> [PROMPT]: Set down, exactly as written, the lines from the top of the data to the line that holds "for centre in", and omit the pictures.

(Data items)
----
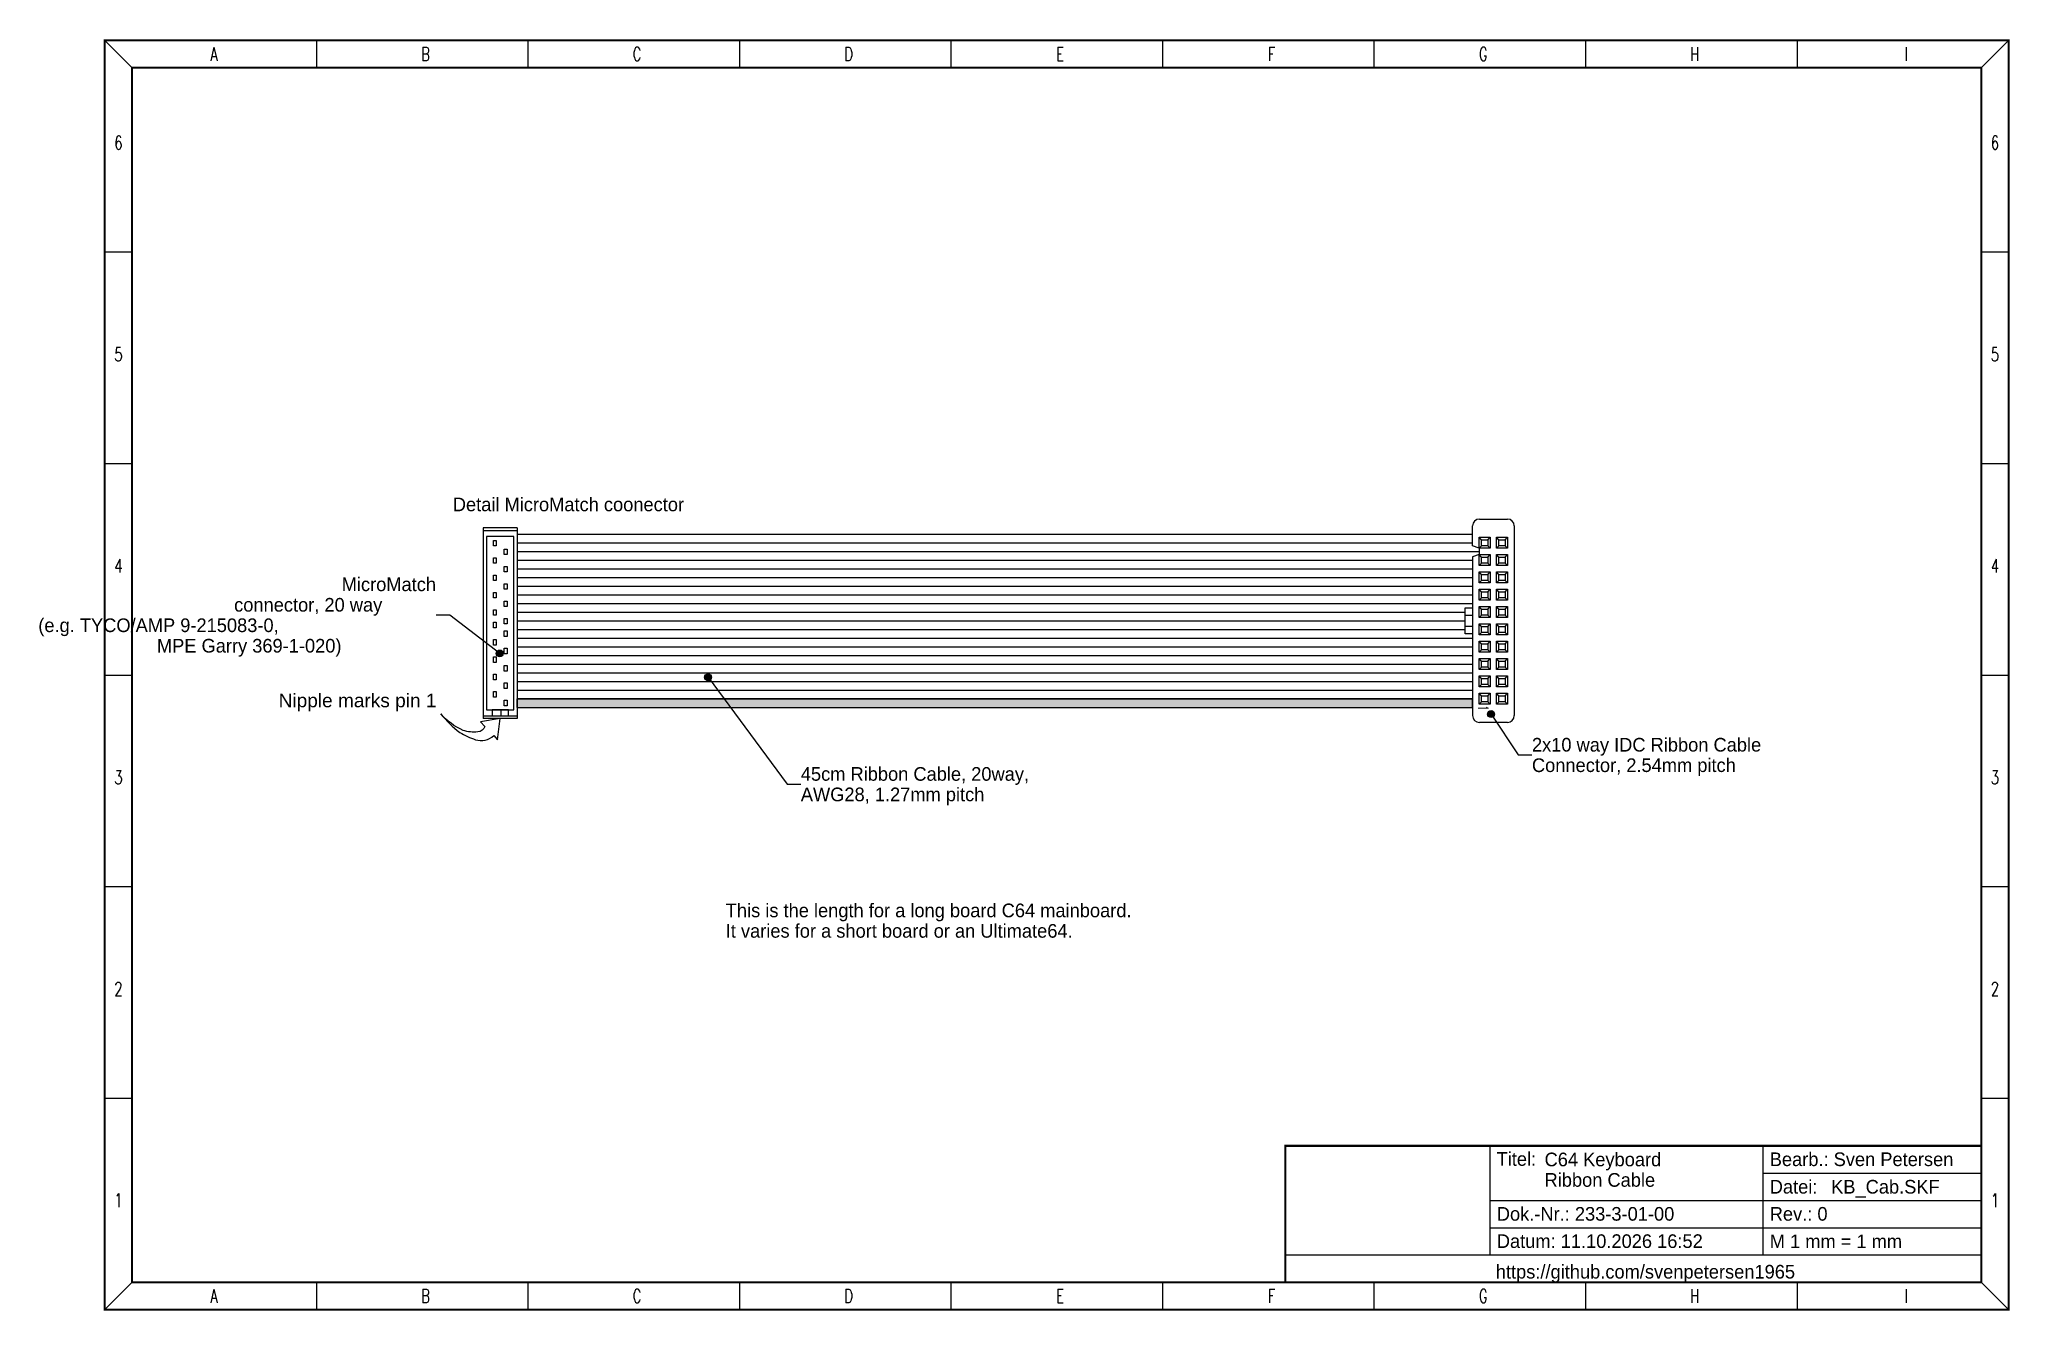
# Model space of a CAD drawing. Extents: x 1 to 290, y 6 to 192.
import ezdxf
from ezdxf.enums import TextEntityAlignment as Align

# ---------------------------------------------------------------- set-up
doc = ezdxf.new("R2010")
doc.units = 0
for name, color, linetype in [('BEMASSUNG', 7, 'Continuous'), ('RAHMEN', 7, 'Continuous'), ('ZEICHNUNG', 7, 'Continuous')]:
    doc.layers.add(name, color=color, linetype=linetype)
doc.styles.add('ARIAL', font='arial.ttf')
doc.styles.add('FUTURALTBT', font='FUTURAL.TTF')
doc.styles.add('ROMANS', font='romans__.ttf')

msp = doc.modelspace()

# ---------------------------------------------------------------- hatches: boundary and pattern name
at = {"layer": 'BEMASSUNG', "linetype": 'Continuous'}
for points in [[(69.37, 102.16, 1), (68.37, 102.16, 1)], [(99.9, 98.67, 1), (98.9, 98.67, 1)], [(214.65, 93.28, 1), (213.65, 93.28, 1)]]:
    msp.add_hatch(color=7, dxfattribs=at).paths.add_polyline_path(points)
at = {"layer": 'ZEICHNUNG', "linetype": 'Continuous'}
msp.add_hatch(color=1, dxfattribs=at).paths.add_polyline_path([(211.45, 94.25), (211.45, 95.52), (71.45, 95.52), (71.45, 94.25)])

# ---------------------------------------------------------------- linework, layer by layer
at = {"layer": 'BEMASSUNG', "color": 7, "linetype": 'Continuous'}
for p, q in [((61.54, 107.79), (59.54, 107.79)), ((68.87, 102.16), (61.54, 107.79)), ((99.4, 98.67), (111, 83)), ((214.15, 93.28), (218.15, 87.28)), ((218.15, 87.28), (220.15, 87.28)), ((111, 83), (113, 83))]:
    msp.add_line(p, q, dxfattribs=at)
msp.add_lwpolyline([(66.06, 92.15), (66.69, 91.45, -0.323352), (65.66, 90.67, -0.117047), (63.52, 90.88, -0.108407), (60.23, 93.31, 0.064735), (63.04, 90.59, 0.064659), (65.32, 89.52, 0.262237), (67.99, 90.11), (68.54, 89.52), (68.95, 92.63), (66.06, 92.15)], format="xyb", dxfattribs=at)
for centre in [(68.87, 102.16), (99.4, 98.67), (214.15, 93.28)]:
    msp.add_circle(centre, 0.5, dxfattribs=at)
at = {"layer": 'RAHMEN', "color": 7, "linetype": 'Continuous'}
for p, q in [((11, 192), (15, 188)), ((11, 192), (15, 192)), ((42, 192), (42, 188)), ((73, 192), (73, 188)), ((104, 192), (104, 188)), ((135, 192), (135, 188)), ((166, 192), (166, 188)), ((197, 192), (197, 188)), ((228, 192), (228, 188)), ((259, 192), (259, 188)), ((286, 188), (290, 192)), ((11, 161), (15, 161)), ((286, 161), (290, 161)), ((11, 130), (15, 130)), ((286, 130), (290, 130)), ((11, 99), (15, 99)), ((286, 99), (290, 99)), ((11, 68), (15, 68)), ((286, 68), (290, 68)), ((11, 37), (15, 37)), ((286, 37), (290, 37)), ((214, 30), (214, 14)), ((254, 30), (254, 14)), ((254, 26), (286, 26)), ((214, 22), (254, 22)), ((254, 22), (286, 22)), ((214, 18), (254, 18)), ((254, 18), (286, 18)), ((184, 14), (286, 14)), ((11, 6), (15, 10)), ((42, 10), (42, 6)), ((73, 10), (73, 6)), ((104, 10), (104, 6)), ((135, 10), (135, 6)), ((166, 10), (166, 6)), ((197, 10), (197, 6)), ((228, 10), (228, 6)), ((259, 10), (259, 6)), ((286, 10), (290, 6)), ((290, 10), (290, 6))]:
    msp.add_line(p, q, dxfattribs=at)
for points in [[(11, 6, 0.3, 0.3, 0), (290, 6, 0.3, 0.3, 0), (290, 192, 0.3, 0.3, 0), (11, 192, 0.3, 0.3, 0)], [(15, 10, 0.3, 0.3, 0), (286, 10, 0.3, 0.3, 0), (286, 188, 0.3, 0.3, 0), (15, 188, 0.3, 0.3, 0)]]:
    msp.add_lwpolyline(points, format="xyseb", close=True, dxfattribs=at)
msp.add_lwpolyline([(184, 10, 0.3, 0.3, 0), (184, 30, 0.3, 0.3, 0), (286, 30, 0.3, 0.3, 0)], format="xyseb", dxfattribs=at)
at = {"layer": 'ZEICHNUNG', "color": 7, "linetype": 'Continuous'}
for p, q in [((212.45, 121.85), (216.55, 121.85)), ((71.45, 120.57), (66.45, 120.57)), ((66.45, 120.57), (66.45, 92.63)), ((66.45, 120.17), (71.45, 120.17)), ((70.95, 119.29), (66.95, 119.29)), ((66.95, 119.29), (66.95, 93.91)), ((70.95, 93.91), (70.95, 119.29)), ((71.45, 120.57), (71.45, 92.63)), ((71.45, 119.65), (211.45, 119.65)), ((71.45, 118.38), (211.45, 118.38)), ((211.44, 117.93), (211.45, 120.85)), ((212.78, 118.83), (212.43, 119.18)), ((213.68, 118.83), (214.03, 119.18)), ((215.32, 118.83), (214.97, 119.18)), ((216.22, 118.83), (216.57, 119.18)), ((217.55, 120.85), (217.55, 93.05)), ((71.45, 117.11), (212.43, 117.11)), ((71.45, 115.84), (211.45, 115.84)), ((212.43, 117.57), (211.44, 117.93)), ((212.43, 116.66), (211.45, 116.33)), ((211.45, 116.33), (211.45, 94.25)), ((212.78, 117.93), (212.43, 117.58)), ((212.43, 117.58), (212.43, 116.64)), ((212.78, 116.29), (212.43, 116.64)), ((213.68, 117.93), (214.03, 117.58)), ((213.68, 116.29), (214.03, 116.64)), ((215.32, 117.93), (214.97, 117.58)), ((215.32, 116.29), (214.97, 116.64)), ((216.22, 117.93), (216.57, 117.58)), ((216.22, 116.29), (216.57, 116.64)), ((71.45, 114.57), (211.45, 114.57)), ((71.45, 113.3), (211.45, 113.3)), ((212.78, 115.39), (212.43, 115.04)), ((212.78, 113.75), (212.43, 114.1)), ((212.78, 112.85), (212.43, 112.5)), ((213.68, 115.39), (214.03, 115.04)), ((213.68, 113.75), (214.03, 114.1)), ((213.68, 112.85), (214.03, 112.5)), ((215.32, 115.39), (214.97, 115.04)), ((215.32, 113.75), (214.97, 114.1)), ((215.32, 112.85), (214.97, 112.5)), ((216.22, 115.39), (216.57, 115.04)), ((216.22, 113.75), (216.57, 114.1)), ((216.22, 112.85), (216.57, 112.5)), ((71.45, 112.03), (211.45, 112.03)), ((71.45, 110.76), (211.45, 110.76)), ((212.78, 111.21), (212.43, 111.56)), ((212.78, 110.31), (212.43, 109.96)), ((213.68, 111.21), (214.03, 111.56)), ((213.68, 110.31), (214.03, 109.96)), ((215.32, 111.21), (214.97, 111.56)), ((215.32, 110.31), (214.97, 109.96)), ((216.22, 111.21), (216.57, 111.56)), ((216.22, 110.31), (216.57, 109.96)), ((71.45, 109.49), (211.45, 109.49)), ((71.45, 108.22), (210.35, 108.22)), ((71.45, 106.95), (210.35, 106.95)), ((71.45, 106.95), (71.45, 94.25)), ((210.35, 107.75), (211.45, 107.75)), ((211.43, 108.22), (211.45, 108.22)), ((211.44, 106.95), (211.45, 106.95)), ((212.78, 108.67), (212.43, 109.02)), ((212.78, 107.77), (212.43, 107.42)), ((213.68, 108.67), (214.03, 109.02)), ((213.68, 107.77), (214.03, 107.42)), ((215.32, 108.67), (214.97, 109.02)), ((215.32, 107.77), (214.97, 107.42)), ((216.22, 108.67), (216.57, 109.02)), ((216.22, 107.77), (216.57, 107.42)), ((71.45, 105.68), (210.35, 105.68)), ((71.45, 104.41), (211.45, 104.41)), ((210.36, 106.15), (211.45, 106.15)), ((211.44, 105.68), (211.45, 105.68)), ((212.78, 106.13), (212.43, 106.48)), ((212.78, 105.23), (212.43, 104.88)), ((213.68, 106.13), (214.03, 106.48)), ((213.68, 105.23), (214.03, 104.88)), ((215.32, 106.13), (214.97, 106.48)), ((215.32, 105.23), (214.97, 104.88)), ((216.22, 106.13), (216.57, 106.48)), ((216.22, 105.23), (216.57, 104.88)), ((71.45, 103.14), (211.45, 103.14)), ((71.45, 101.87), (211.45, 101.87)), ((211.45, 103.63), (211.45, 93.05)), ((212.78, 103.59), (212.43, 103.94)), ((212.78, 102.69), (212.43, 102.34)), ((212.78, 101.05), (212.43, 101.4)), ((213.68, 103.59), (214.03, 103.94)), ((213.68, 102.69), (214.03, 102.34)), ((213.68, 101.05), (214.03, 101.4)), ((215.32, 103.59), (214.97, 103.94)), ((215.32, 102.69), (214.97, 102.34)), ((215.32, 101.05), (214.97, 101.4)), ((216.22, 103.59), (216.57, 103.94)), ((216.22, 102.69), (216.57, 102.34)), ((216.22, 101.05), (216.57, 101.4)), ((71.45, 100.6), (211.45, 100.6)), ((71.45, 99.33), (211.45, 99.33)), ((212.78, 100.15), (212.43, 99.8)), ((212.78, 98.51), (212.43, 98.86)), ((213.68, 100.15), (214.03, 99.8)), ((213.68, 98.51), (214.03, 98.86)), ((215.32, 100.15), (214.97, 99.8)), ((215.32, 98.51), (214.97, 98.86)), ((216.22, 100.15), (216.57, 99.8)), ((216.22, 98.51), (216.57, 98.86)), ((71.45, 98.06), (211.45, 98.06)), ((71.45, 96.79), (211.45, 96.79)), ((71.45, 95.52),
----
> [PROBLEM SOLUTION]:
# Model space of a CAD drawing. Extents: x 1 to 290, y 6 to 192.
import ezdxf
from ezdxf.enums import TextEntityAlignment as Align

# ---------------------------------------------------------------- set-up
doc = ezdxf.new("R2010")
doc.units = 0
for name, color, linetype in [('BEMASSUNG', 7, 'Continuous'), ('RAHMEN', 7, 'Continuous'), ('ZEICHNUNG', 7, 'Continuous')]:
    doc.layers.add(name, color=color, linetype=linetype)
doc.styles.add('ARIAL', font='arial.ttf')
doc.styles.add('FUTURALTBT', font='FUTURAL.TTF')
doc.styles.add('ROMANS', font='romans__.ttf')

msp = doc.modelspace()

# ---------------------------------------------------------------- hatches: boundary and pattern name
at = {"layer": 'BEMASSUNG', "linetype": 'Continuous'}
for points in [[(69.37, 102.16, 1), (68.37, 102.16, 1)], [(99.9, 98.67, 1), (98.9, 98.67, 1)], [(214.65, 93.28, 1), (213.65, 93.28, 1)]]:
    msp.add_hatch(color=7, dxfattribs=at).paths.add_polyline_path(points)
at = {"layer": 'ZEICHNUNG', "linetype": 'Continuous'}
msp.add_hatch(color=1, dxfattribs=at).paths.add_polyline_path([(211.45, 94.25), (211.45, 95.52), (71.45, 95.52), (71.45, 94.25)])

# ---------------------------------------------------------------- linework, layer by layer
at = {"layer": 'BEMASSUNG', "color": 7, "linetype": 'Continuous'}
for p, q in [((61.54, 107.79), (59.54, 107.79)), ((68.87, 102.16), (61.54, 107.79)), ((99.4, 98.67), (111, 83)), ((214.15, 93.28), (218.15, 87.28)), ((218.15, 87.28), (220.15, 87.28)), ((111, 83), (113, 83))]:
    msp.add_line(p, q, dxfattribs=at)
msp.add_lwpolyline([(66.06, 92.15), (66.69, 91.45, -0.323352), (65.66, 90.67, -0.117047), (63.52, 90.88, -0.108407), (60.23, 93.31, 0.064735), (63.04, 90.59, 0.064659), (65.32, 89.52, 0.262237), (67.99, 90.11), (68.54, 89.52), (68.95, 92.63), (66.06, 92.15)], format="xyb", dxfattribs=at)
for centre in [(68.87, 102.16), (99.4, 98.67), (214.15, 93.28)]:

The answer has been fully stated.